Two. Validation. I noticed that whenever a blog expresses doubts or disinterests in the ship, then their inbox is gonna explode, to put it lightly. I saw it happen with a blog on here that was really into foah during 2025 but they are pretty neutral on the concept these days. In their words, they have always been fans of both boys, rather than fans of their relationship, even a potential one. And another time with another big account on twitter. She deactivated already so I could only go off my memories right now but she was not against it, just not fully believing it like before, especially with how things went down post finale. I remember how she had to answer A LOT OF strawpages and went private for a few days. And this tickles me 'cause when someone ties their identity and self-esteem to a belief or a concept, an attack against it can feel like an attack against them and the need to lash out can feel even stronger when the threat comes from someone they may look up for validation of such belief (because they've been here longer, have higher follower count or engagement levels). On the other side of the spectrum, I saw quite a lot of people cheer and laugh when news outlets or online media post about foah even though RPF breaching the containment of fanspace is worrisome. But I guess the ship being reported on and exposed to a wider audience gives it more validity in the eyes of the shippers or gives the shippers themselves an ego-boost *shrug emoji*
And to look back at the tweet above, there is a clear condescending and patronizing tone towards the out-group, or "sheeps" or any other ways they like to put down their opponents ("calm down and stop listening to the voice"). This brings me to the last issue and what pushed me to write this entire thing.

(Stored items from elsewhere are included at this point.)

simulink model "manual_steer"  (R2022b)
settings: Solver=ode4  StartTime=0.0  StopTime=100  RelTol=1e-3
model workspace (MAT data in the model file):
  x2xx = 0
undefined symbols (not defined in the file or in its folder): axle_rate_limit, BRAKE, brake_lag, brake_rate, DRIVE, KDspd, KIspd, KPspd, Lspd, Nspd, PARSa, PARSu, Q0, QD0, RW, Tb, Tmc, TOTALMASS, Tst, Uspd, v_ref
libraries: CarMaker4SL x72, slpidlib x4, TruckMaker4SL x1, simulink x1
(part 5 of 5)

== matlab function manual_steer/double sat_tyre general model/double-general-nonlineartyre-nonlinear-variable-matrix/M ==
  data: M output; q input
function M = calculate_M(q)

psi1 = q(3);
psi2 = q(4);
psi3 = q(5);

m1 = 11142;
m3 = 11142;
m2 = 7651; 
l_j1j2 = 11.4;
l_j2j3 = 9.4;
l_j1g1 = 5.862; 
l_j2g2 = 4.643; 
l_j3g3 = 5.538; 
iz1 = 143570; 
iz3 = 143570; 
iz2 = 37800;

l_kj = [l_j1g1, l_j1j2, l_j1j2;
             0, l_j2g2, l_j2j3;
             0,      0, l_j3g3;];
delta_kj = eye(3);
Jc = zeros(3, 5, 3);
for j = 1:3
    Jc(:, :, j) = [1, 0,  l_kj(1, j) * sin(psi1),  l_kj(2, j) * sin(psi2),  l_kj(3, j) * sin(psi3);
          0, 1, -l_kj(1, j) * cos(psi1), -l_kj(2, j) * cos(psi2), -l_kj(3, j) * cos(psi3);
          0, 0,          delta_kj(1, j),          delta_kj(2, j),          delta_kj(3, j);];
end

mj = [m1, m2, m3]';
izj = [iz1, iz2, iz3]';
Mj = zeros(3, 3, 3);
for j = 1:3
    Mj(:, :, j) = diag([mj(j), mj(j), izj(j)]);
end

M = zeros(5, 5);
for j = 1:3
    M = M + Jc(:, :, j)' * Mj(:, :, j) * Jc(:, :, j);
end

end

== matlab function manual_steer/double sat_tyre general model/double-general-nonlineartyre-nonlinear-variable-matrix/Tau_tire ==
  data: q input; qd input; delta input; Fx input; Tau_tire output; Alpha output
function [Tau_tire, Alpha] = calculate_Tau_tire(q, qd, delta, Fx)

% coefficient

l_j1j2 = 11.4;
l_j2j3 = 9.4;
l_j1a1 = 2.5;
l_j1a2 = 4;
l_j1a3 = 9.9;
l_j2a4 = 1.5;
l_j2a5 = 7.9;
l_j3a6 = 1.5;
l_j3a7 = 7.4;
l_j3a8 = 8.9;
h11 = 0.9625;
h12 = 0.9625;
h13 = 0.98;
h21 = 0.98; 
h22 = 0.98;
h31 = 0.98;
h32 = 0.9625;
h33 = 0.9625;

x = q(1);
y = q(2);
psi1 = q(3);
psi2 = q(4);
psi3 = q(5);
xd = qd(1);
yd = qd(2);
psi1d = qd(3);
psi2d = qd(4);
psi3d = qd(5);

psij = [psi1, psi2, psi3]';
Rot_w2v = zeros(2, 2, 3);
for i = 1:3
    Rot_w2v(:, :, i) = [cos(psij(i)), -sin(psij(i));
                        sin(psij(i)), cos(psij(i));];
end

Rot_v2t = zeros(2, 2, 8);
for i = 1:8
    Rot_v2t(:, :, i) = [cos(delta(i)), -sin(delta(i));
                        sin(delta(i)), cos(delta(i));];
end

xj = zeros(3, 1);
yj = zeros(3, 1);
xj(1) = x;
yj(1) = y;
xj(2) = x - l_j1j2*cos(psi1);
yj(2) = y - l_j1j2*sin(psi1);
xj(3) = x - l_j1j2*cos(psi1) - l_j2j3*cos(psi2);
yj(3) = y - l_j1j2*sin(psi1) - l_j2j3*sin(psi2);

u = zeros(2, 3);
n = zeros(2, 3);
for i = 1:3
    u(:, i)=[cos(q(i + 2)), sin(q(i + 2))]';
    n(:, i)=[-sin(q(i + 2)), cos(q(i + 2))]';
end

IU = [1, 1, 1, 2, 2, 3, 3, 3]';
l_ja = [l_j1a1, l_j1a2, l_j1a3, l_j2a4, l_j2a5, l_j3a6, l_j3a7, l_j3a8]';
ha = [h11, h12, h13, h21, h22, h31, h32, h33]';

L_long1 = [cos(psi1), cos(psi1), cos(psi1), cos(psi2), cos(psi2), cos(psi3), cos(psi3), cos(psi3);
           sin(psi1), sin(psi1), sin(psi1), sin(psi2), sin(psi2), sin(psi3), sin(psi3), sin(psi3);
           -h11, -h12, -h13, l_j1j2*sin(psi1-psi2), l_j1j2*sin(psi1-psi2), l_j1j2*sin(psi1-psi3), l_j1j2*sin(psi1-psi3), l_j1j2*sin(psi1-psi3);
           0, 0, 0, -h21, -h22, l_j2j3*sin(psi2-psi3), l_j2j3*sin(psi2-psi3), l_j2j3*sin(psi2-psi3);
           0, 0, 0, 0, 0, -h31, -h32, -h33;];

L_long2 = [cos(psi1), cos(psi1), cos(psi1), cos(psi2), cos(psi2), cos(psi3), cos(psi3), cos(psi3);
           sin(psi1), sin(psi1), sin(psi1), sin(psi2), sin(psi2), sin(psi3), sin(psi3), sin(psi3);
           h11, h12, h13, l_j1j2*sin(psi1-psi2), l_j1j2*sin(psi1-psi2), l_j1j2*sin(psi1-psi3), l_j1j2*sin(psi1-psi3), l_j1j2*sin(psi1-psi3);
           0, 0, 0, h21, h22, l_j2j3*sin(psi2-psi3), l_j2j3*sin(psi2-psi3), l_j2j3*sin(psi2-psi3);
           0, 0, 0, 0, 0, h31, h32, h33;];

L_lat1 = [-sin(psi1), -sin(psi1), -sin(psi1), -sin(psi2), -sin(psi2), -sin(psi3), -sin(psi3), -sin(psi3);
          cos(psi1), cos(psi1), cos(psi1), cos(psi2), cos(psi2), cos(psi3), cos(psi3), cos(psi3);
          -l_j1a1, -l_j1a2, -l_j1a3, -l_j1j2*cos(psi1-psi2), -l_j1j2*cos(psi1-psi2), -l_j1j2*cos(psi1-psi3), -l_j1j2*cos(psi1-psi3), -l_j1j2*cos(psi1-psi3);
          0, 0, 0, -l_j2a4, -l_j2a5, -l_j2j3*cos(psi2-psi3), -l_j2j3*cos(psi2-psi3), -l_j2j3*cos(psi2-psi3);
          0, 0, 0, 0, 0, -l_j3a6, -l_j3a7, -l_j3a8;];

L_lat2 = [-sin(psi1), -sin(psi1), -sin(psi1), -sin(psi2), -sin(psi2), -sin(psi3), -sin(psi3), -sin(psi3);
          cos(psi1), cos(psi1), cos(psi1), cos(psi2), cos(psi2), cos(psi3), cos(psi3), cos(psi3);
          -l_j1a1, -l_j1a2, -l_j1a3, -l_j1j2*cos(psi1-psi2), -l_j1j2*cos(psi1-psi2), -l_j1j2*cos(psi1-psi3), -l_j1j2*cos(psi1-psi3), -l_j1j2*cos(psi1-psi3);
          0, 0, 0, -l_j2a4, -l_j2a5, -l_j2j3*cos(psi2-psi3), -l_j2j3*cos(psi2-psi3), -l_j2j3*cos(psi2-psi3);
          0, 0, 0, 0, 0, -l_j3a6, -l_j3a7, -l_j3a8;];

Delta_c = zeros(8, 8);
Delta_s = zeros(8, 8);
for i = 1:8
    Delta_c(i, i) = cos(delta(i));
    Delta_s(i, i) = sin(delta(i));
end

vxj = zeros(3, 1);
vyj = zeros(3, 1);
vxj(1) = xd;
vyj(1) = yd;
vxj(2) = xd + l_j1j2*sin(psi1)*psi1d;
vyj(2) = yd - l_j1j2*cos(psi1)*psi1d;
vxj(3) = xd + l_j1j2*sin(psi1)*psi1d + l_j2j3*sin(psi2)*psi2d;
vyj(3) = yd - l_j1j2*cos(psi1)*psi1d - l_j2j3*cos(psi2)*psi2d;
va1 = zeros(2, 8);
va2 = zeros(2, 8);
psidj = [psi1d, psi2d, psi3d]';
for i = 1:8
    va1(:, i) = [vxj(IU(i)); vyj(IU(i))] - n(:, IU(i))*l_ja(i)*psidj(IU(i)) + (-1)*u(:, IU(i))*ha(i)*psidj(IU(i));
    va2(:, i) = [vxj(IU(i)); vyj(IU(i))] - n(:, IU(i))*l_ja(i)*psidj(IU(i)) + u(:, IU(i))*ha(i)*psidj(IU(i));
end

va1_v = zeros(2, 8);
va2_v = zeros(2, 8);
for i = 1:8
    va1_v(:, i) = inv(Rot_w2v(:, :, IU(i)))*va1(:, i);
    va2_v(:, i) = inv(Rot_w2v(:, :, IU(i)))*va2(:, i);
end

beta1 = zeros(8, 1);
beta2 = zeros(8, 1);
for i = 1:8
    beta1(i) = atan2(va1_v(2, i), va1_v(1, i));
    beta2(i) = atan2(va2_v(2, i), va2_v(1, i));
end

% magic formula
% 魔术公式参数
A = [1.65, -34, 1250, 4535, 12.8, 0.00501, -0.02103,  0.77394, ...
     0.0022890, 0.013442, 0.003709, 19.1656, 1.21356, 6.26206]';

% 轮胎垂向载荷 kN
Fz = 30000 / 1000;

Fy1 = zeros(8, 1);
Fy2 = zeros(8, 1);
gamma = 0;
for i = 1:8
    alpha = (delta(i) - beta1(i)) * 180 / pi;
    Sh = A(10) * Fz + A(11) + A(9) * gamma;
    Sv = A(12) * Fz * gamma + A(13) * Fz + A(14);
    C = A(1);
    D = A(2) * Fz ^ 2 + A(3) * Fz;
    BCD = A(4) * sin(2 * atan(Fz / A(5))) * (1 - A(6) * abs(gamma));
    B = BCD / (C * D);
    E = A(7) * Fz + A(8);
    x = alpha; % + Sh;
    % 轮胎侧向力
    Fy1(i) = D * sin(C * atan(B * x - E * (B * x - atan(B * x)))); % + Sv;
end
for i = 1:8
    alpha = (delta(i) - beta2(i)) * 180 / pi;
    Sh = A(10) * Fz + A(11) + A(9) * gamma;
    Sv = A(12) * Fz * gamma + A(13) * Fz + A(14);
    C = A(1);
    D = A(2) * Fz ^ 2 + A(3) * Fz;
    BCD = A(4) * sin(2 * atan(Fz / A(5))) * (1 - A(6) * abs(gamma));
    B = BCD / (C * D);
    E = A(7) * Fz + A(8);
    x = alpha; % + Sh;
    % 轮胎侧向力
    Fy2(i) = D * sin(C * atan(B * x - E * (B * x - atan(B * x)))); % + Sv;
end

Three. There is a term going around on foahtwt right now and it's "Noah solos" - Noah fans who aren't into foah, speak out against it, don't like Finn, etc. you name it. And they said it's to distinguish between foahs and people who are only fans of Noah “because a lot of foahs are Noah fans too”. But if so, wouldn't Finn fans be called Finn solos? I cannot help but seeing how Noah fans are treated very differently even if a lot of Finn fans don't fuck with foah either (someone even said they wanted Finn to put a restraining order against Noah and somehow it was all crickets). Do I sometimes have issues with some Noah fans? Yes, I won't deny that. The thing with that m11/ Noah fan for example. I saw some people defend him, saying that he was just posting what happened during his interaction with Noah and you guys are questioning him because he didn't feed into your delusion (paraphrasing of course). The whole can of worms about Finn (which I won't go into here but lemme just say it, that dick joke and how they portrayed Will in that sketch will forever leave a sour taste in my mouth. So even if Noah made a joke of the length of the scene, it won’t erase that) and his sexuality.
And I understand why people take offense with the sentiment "I've been here since [...]" as it equates one's length of time in the fandom with the weight of their opinions, making them an authoritative figure of sorts. But not gonna lie, I do use it and I do believe this time span has some weight to it. The past years have been a lot and when you experienced harassment for the simple fact of loving someone, it shifted something in you inevitably. I can't speak for others but personally, I'm more hardened and wary than I was in 2022. Like a primary school teacher looking at the chaos in the classroom at the last period and genuinely having none of it, in contrast to how they were earlier in the day. And this wariness can be a lot for people who haven't been through it. So when I say I've been here a long time, it's not for superiority points, it's more of a "you may excuse your behaviors however you want, but I have the benefits (or curses) of retrospection and in retrospect, I've seen people like you, with the same talking points like you, and I've seen how it went down so safe to say, I'm staying away from you lot".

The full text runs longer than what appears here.